Data provided
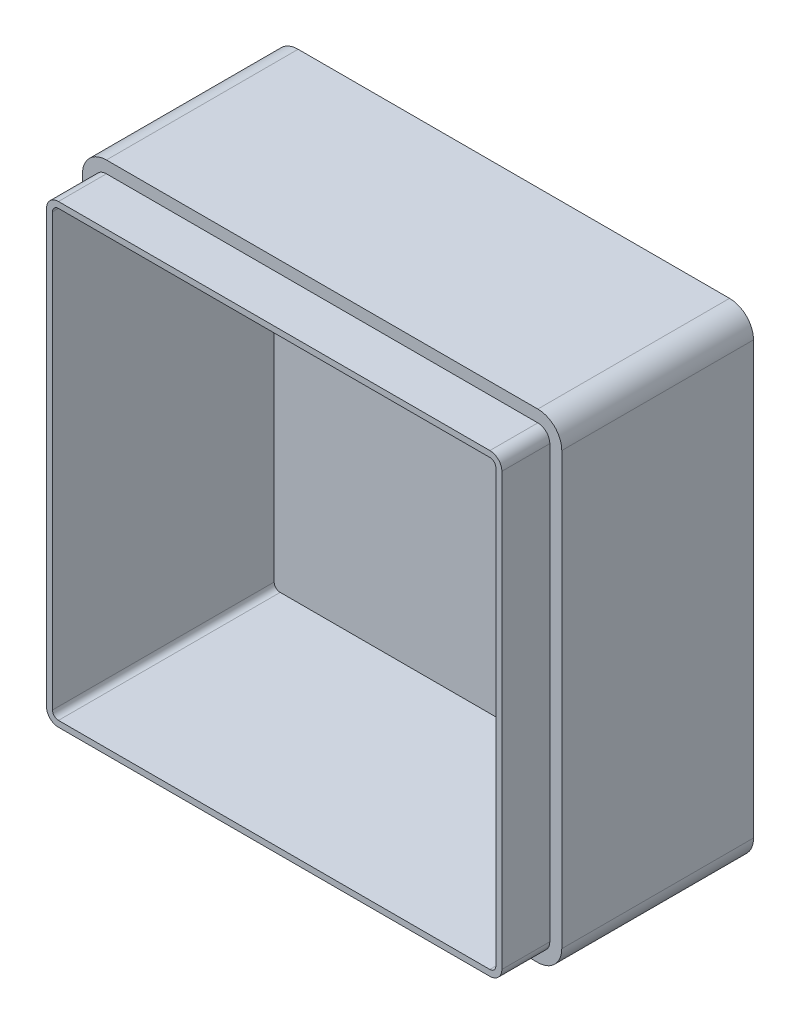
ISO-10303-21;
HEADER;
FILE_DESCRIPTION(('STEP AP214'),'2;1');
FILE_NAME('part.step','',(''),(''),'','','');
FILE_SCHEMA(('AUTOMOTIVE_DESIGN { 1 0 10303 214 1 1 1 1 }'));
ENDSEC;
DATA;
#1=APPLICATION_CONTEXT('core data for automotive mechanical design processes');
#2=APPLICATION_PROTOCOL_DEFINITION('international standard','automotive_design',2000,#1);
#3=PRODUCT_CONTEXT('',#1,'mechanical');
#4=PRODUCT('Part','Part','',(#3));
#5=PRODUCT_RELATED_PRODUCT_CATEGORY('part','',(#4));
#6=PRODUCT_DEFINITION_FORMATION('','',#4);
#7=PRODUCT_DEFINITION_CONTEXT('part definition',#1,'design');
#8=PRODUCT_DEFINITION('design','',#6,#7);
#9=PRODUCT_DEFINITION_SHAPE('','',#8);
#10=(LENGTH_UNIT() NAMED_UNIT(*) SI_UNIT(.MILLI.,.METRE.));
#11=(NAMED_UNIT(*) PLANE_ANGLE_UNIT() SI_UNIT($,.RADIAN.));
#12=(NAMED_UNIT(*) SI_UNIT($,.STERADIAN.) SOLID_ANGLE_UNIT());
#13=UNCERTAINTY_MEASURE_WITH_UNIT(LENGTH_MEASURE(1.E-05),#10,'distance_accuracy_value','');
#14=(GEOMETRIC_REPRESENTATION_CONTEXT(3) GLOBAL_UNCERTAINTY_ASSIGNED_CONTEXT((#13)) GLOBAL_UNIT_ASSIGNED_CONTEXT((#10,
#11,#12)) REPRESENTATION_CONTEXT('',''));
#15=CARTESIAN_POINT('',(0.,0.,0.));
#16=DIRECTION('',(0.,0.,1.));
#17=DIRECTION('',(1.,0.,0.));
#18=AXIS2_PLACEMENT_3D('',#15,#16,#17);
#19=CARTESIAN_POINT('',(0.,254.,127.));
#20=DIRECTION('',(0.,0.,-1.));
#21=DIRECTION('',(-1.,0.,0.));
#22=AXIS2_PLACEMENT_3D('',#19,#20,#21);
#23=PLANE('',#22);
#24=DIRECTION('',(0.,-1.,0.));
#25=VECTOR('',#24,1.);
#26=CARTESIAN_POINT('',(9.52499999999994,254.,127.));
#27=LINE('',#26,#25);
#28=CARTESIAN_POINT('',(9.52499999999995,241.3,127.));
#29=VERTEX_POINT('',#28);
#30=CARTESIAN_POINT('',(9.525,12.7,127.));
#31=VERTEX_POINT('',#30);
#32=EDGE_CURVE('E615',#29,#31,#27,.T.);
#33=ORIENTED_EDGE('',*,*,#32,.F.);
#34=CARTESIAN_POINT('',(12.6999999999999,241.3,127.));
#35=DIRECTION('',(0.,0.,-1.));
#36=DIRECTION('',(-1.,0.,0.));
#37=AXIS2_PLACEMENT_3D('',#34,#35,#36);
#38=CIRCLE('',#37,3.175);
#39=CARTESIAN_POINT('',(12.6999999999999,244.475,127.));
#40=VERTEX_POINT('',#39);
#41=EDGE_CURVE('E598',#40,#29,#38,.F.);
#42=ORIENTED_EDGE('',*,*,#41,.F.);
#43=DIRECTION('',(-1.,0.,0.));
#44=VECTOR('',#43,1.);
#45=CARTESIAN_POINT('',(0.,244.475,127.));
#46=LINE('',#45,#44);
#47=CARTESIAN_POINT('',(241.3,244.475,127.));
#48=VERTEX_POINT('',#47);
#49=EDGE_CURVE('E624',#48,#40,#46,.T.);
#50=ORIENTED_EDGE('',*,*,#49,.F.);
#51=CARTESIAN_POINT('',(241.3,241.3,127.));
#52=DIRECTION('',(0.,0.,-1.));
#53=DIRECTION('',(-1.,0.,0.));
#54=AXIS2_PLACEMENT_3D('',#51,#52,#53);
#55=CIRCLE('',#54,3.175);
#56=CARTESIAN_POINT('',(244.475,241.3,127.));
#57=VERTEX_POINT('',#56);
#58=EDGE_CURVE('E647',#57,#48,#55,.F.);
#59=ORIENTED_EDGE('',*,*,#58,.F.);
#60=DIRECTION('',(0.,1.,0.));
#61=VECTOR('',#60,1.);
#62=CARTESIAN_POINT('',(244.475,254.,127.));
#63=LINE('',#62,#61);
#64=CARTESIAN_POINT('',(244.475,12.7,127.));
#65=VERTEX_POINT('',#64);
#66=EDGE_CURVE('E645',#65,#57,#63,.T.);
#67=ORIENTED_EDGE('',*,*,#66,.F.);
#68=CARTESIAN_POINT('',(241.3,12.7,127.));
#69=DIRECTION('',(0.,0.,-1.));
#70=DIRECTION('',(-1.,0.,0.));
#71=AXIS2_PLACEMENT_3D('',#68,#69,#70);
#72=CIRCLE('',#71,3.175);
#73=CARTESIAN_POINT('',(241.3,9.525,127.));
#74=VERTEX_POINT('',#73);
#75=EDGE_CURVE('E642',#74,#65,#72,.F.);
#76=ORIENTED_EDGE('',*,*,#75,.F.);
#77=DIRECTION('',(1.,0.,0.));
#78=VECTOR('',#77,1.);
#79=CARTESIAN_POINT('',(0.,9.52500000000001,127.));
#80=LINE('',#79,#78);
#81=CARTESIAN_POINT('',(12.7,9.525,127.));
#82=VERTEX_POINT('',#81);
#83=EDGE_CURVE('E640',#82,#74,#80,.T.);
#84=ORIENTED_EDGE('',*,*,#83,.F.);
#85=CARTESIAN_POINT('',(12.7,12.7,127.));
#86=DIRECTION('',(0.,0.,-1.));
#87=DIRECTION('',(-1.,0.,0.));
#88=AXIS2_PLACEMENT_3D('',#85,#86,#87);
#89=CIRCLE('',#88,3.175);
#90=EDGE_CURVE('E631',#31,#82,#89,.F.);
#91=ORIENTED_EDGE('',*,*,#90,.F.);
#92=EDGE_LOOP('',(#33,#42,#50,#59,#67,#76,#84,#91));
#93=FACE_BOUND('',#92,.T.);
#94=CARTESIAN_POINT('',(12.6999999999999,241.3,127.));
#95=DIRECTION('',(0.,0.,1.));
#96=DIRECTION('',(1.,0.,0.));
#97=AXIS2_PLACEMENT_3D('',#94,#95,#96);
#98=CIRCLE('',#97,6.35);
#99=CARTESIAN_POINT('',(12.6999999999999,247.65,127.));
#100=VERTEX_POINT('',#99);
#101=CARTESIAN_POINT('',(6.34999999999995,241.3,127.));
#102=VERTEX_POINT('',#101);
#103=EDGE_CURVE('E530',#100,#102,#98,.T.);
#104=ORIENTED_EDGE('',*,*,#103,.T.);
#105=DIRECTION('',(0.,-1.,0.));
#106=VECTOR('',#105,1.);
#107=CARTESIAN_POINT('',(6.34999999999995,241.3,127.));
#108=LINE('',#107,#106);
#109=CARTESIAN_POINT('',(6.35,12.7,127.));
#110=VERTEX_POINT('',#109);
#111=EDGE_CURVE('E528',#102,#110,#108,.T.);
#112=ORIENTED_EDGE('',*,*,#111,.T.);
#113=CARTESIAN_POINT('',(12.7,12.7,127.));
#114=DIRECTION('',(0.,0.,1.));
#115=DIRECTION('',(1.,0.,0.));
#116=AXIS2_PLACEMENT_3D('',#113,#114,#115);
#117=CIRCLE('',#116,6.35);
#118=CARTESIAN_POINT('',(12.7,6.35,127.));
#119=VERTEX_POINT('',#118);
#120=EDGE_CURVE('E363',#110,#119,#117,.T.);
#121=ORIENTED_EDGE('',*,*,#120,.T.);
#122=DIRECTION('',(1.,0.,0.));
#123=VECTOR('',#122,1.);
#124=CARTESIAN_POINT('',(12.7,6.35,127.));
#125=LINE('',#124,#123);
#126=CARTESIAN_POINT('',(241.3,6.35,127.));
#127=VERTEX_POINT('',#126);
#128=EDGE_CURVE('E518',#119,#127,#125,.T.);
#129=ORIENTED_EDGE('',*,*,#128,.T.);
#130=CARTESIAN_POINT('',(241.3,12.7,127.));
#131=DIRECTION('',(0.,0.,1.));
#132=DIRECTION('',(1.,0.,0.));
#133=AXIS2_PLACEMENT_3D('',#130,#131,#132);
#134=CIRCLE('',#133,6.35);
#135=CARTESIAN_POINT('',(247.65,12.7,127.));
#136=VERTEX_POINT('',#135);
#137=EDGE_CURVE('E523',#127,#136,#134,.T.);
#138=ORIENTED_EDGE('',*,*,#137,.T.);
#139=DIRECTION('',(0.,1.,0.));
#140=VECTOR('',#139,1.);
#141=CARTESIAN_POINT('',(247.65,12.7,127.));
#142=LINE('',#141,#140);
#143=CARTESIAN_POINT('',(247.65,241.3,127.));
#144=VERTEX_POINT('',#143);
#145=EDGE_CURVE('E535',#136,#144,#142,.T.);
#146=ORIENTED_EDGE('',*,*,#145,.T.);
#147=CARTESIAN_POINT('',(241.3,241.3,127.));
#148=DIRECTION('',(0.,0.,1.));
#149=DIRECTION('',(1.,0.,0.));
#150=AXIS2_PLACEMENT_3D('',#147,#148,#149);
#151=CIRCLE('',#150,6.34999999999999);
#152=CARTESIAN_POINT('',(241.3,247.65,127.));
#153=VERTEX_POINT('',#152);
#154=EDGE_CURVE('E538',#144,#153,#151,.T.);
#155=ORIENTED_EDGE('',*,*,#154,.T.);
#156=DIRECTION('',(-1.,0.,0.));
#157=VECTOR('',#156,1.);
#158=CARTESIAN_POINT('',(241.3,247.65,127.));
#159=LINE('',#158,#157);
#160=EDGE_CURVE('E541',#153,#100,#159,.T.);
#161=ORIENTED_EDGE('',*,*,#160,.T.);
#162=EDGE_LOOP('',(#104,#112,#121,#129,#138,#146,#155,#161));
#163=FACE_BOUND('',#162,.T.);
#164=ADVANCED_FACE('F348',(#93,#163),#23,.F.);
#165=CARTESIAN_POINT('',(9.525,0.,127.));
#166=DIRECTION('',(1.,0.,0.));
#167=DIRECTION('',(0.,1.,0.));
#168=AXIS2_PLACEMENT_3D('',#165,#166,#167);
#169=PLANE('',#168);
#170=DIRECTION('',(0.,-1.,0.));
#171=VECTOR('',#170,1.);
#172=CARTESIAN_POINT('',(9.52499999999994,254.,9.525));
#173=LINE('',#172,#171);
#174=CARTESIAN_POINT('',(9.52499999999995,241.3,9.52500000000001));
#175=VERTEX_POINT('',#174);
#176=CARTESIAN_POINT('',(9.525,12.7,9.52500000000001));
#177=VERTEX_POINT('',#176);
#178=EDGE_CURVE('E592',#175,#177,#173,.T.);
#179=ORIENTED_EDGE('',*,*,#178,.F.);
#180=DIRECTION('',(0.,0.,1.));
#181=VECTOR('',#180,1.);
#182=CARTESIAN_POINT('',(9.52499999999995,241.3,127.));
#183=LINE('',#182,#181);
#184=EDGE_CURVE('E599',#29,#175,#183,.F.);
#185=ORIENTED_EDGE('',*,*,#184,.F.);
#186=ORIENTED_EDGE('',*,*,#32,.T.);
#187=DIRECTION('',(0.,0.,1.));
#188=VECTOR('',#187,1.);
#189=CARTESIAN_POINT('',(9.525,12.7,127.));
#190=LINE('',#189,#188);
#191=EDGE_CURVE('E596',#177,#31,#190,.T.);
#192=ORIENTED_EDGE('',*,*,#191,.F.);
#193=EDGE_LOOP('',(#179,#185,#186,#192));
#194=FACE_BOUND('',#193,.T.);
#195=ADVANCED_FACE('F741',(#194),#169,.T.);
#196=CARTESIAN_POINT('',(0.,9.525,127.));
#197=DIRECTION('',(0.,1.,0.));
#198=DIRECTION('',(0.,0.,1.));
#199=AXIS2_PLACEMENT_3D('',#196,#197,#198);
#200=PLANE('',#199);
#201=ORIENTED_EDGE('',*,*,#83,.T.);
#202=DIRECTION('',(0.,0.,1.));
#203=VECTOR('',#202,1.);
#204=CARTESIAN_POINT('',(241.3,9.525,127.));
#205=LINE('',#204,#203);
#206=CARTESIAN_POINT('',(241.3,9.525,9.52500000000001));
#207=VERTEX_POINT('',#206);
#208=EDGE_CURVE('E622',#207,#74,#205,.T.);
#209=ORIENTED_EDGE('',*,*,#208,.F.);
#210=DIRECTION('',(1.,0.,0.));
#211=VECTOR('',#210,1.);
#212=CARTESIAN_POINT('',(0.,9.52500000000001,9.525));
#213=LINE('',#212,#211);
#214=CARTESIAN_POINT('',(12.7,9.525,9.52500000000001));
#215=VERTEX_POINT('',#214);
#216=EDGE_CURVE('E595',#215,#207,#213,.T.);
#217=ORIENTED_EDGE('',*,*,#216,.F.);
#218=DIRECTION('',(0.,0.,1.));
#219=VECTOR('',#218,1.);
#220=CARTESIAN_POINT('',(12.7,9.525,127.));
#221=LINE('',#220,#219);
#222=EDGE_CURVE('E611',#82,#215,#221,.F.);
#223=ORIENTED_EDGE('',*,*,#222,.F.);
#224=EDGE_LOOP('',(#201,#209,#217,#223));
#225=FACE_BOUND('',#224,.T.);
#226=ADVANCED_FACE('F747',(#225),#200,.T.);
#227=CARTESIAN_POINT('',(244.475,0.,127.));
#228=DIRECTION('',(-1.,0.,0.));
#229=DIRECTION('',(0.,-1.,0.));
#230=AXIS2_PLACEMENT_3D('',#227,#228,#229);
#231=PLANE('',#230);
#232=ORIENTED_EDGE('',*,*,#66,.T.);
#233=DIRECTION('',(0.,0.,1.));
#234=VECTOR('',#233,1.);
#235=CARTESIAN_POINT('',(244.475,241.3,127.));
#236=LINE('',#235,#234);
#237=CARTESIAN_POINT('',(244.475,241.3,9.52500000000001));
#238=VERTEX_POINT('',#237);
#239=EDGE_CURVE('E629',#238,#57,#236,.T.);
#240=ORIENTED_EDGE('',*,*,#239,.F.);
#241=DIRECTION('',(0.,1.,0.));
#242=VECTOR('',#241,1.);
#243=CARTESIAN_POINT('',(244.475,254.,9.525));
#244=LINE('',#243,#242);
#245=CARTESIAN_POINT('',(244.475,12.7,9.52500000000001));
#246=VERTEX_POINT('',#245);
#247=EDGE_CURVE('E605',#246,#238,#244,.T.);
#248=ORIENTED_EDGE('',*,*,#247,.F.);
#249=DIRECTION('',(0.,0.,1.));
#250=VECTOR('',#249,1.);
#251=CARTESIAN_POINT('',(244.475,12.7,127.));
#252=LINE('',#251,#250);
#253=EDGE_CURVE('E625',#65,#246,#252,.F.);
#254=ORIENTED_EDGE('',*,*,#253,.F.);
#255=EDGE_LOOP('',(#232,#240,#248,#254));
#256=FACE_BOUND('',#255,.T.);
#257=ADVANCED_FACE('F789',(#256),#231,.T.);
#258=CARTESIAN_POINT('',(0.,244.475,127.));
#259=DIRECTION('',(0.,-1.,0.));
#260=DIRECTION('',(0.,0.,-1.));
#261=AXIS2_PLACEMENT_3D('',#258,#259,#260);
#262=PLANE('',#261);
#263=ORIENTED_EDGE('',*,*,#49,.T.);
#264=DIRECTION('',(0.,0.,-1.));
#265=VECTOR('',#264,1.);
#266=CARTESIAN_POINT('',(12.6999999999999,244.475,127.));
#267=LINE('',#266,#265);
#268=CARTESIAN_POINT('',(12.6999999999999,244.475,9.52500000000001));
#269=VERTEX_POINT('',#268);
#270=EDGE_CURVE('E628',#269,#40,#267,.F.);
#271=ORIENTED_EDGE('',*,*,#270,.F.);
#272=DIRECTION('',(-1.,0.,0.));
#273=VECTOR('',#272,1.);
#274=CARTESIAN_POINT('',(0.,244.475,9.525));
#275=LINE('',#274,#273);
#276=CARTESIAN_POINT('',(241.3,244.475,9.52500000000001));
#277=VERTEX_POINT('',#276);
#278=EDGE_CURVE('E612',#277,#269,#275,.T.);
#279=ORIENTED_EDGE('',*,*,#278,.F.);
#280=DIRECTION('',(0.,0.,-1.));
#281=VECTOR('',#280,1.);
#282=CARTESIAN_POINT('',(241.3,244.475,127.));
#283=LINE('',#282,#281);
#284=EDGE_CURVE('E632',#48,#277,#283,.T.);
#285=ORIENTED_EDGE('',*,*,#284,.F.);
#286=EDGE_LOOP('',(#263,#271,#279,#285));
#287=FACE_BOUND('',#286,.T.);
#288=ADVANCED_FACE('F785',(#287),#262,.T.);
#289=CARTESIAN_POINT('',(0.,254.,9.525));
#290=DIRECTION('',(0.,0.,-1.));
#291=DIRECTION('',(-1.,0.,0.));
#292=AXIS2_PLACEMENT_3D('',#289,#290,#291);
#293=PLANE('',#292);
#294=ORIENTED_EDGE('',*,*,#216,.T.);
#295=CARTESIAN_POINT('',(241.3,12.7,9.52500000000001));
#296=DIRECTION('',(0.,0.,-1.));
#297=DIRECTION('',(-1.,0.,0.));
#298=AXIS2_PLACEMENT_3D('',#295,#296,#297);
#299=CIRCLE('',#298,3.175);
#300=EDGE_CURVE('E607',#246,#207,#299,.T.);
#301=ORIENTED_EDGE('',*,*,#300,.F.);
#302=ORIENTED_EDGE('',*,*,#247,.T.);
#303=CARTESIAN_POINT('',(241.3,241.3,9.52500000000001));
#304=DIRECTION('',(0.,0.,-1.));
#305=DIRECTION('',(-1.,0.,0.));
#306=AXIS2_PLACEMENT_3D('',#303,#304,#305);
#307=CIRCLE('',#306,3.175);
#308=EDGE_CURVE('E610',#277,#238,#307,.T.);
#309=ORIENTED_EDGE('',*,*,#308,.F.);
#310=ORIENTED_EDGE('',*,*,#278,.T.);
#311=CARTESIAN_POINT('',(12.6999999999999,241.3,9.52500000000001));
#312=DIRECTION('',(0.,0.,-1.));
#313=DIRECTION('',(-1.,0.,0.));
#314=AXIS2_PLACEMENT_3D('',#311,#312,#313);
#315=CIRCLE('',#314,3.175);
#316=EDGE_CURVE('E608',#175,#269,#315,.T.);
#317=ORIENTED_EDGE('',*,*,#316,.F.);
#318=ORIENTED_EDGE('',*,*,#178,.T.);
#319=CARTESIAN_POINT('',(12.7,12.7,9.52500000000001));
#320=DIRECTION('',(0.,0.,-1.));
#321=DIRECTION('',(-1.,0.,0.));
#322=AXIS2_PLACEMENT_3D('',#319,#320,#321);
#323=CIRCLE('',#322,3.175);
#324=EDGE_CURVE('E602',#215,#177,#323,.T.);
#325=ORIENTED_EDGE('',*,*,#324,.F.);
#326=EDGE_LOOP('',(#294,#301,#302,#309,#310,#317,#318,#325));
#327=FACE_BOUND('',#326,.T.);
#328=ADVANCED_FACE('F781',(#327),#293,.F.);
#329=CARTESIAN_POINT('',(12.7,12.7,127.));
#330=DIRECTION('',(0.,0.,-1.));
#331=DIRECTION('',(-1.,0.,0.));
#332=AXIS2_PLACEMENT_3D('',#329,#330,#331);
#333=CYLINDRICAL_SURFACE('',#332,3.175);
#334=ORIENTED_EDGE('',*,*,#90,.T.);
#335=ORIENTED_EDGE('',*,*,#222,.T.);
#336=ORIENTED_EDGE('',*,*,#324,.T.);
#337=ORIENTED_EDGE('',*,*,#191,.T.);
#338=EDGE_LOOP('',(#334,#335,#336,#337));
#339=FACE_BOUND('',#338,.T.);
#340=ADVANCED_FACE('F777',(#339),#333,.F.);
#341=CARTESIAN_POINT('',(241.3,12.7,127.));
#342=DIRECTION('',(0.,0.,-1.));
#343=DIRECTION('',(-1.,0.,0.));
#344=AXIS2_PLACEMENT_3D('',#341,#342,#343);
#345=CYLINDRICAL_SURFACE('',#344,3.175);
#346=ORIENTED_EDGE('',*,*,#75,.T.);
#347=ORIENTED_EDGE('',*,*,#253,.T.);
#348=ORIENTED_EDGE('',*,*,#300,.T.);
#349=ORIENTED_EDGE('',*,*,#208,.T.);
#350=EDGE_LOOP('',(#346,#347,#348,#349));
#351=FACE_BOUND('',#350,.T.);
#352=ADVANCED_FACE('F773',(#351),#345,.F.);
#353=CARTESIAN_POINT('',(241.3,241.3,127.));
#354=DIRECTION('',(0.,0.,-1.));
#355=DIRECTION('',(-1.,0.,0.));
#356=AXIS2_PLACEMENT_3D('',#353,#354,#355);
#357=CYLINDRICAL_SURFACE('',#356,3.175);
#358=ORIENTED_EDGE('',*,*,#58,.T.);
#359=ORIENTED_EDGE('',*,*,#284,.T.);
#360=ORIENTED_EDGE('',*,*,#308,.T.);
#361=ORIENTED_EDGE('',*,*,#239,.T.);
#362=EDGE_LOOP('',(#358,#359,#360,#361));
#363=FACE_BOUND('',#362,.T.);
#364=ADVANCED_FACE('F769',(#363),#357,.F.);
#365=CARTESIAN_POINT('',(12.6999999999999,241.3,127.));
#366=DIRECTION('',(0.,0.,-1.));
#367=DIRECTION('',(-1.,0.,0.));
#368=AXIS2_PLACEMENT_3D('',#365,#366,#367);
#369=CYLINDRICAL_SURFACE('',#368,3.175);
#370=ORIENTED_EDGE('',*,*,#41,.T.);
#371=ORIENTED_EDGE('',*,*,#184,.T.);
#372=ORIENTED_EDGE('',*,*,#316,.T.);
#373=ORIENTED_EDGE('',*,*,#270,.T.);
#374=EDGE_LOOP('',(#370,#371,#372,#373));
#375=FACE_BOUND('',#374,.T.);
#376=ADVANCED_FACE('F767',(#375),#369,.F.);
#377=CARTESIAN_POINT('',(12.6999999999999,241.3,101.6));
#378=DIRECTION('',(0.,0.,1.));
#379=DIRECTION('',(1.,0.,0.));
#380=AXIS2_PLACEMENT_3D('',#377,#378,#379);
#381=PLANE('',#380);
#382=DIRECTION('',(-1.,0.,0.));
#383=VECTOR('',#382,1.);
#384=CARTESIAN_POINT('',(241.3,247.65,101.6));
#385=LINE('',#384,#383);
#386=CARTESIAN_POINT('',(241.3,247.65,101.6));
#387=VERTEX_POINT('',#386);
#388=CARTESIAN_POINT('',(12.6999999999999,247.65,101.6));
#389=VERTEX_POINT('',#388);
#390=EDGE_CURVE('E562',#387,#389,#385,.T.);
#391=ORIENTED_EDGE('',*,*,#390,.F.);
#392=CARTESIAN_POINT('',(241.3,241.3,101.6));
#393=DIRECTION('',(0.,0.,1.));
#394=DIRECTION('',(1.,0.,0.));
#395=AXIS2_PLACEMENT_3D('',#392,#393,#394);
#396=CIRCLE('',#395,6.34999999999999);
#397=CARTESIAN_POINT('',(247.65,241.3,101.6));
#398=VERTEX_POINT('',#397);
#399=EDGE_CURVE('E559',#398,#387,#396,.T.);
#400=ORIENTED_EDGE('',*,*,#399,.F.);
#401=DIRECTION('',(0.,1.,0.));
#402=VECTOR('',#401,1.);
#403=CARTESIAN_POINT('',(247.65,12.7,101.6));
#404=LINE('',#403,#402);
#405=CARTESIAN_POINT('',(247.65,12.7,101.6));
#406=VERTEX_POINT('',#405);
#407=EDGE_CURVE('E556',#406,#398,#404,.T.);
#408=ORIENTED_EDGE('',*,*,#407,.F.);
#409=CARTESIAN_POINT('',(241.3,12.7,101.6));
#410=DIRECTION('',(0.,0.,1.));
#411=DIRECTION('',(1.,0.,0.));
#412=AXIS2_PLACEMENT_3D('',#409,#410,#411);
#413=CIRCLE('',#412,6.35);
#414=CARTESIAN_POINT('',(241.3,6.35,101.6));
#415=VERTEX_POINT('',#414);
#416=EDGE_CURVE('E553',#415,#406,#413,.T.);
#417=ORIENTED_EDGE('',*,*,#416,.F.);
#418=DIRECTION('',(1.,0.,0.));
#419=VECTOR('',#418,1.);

Assigned task
Reproduce exactly the stretch of the material above that starts at the line with "#344=AXIS2_PLACEMENT_3D('',#341,#342,#343);" and ends at the line with "#378=DIRECTION('',(0.,0.,1.));", both included, and nothing else.

Response to this task
#344=AXIS2_PLACEMENT_3D('',#341,#342,#343);
#345=CYLINDRICAL_SURFACE('',#344,3.175);
#346=ORIENTED_EDGE('',*,*,#75,.T.);
#347=ORIENTED_EDGE('',*,*,#253,.T.);
#348=ORIENTED_EDGE('',*,*,#300,.T.);
#349=ORIENTED_EDGE('',*,*,#208,.T.);
#350=EDGE_LOOP('',(#346,#347,#348,#349));
#351=FACE_BOUND('',#350,.T.);
#352=ADVANCED_FACE('F773',(#351),#345,.F.);
#353=CARTESIAN_POINT('',(241.3,241.3,127.));
#354=DIRECTION('',(0.,0.,-1.));
#355=DIRECTION('',(-1.,0.,0.));
#356=AXIS2_PLACEMENT_3D('',#353,#354,#355);
#357=CYLINDRICAL_SURFACE('',#356,3.175);
#358=ORIENTED_EDGE('',*,*,#58,.T.);
#359=ORIENTED_EDGE('',*,*,#284,.T.);
#360=ORIENTED_EDGE('',*,*,#308,.T.);
#361=ORIENTED_EDGE('',*,*,#239,.T.);
#362=EDGE_LOOP('',(#358,#359,#360,#361));
#363=FACE_BOUND('',#362,.T.);
#364=ADVANCED_FACE('F769',(#363),#357,.F.);
#365=CARTESIAN_POINT('',(12.6999999999999,241.3,127.));
#366=DIRECTION('',(0.,0.,-1.));
#367=DIRECTION('',(-1.,0.,0.));
#368=AXIS2_PLACEMENT_3D('',#365,#366,#367);
#369=CYLINDRICAL_SURFACE('',#368,3.175);
#370=ORIENTED_EDGE('',*,*,#41,.T.);
#371=ORIENTED_EDGE('',*,*,#184,.T.);
#372=ORIENTED_EDGE('',*,*,#316,.T.);
#373=ORIENTED_EDGE('',*,*,#270,.T.);
#374=EDGE_LOOP('',(#370,#371,#372,#373));
#375=FACE_BOUND('',#374,.T.);
#376=ADVANCED_FACE('F767',(#375),#369,.F.);
#377=CARTESIAN_POINT('',(12.6999999999999,241.3,101.6));
#378=DIRECTION('',(0.,0.,1.));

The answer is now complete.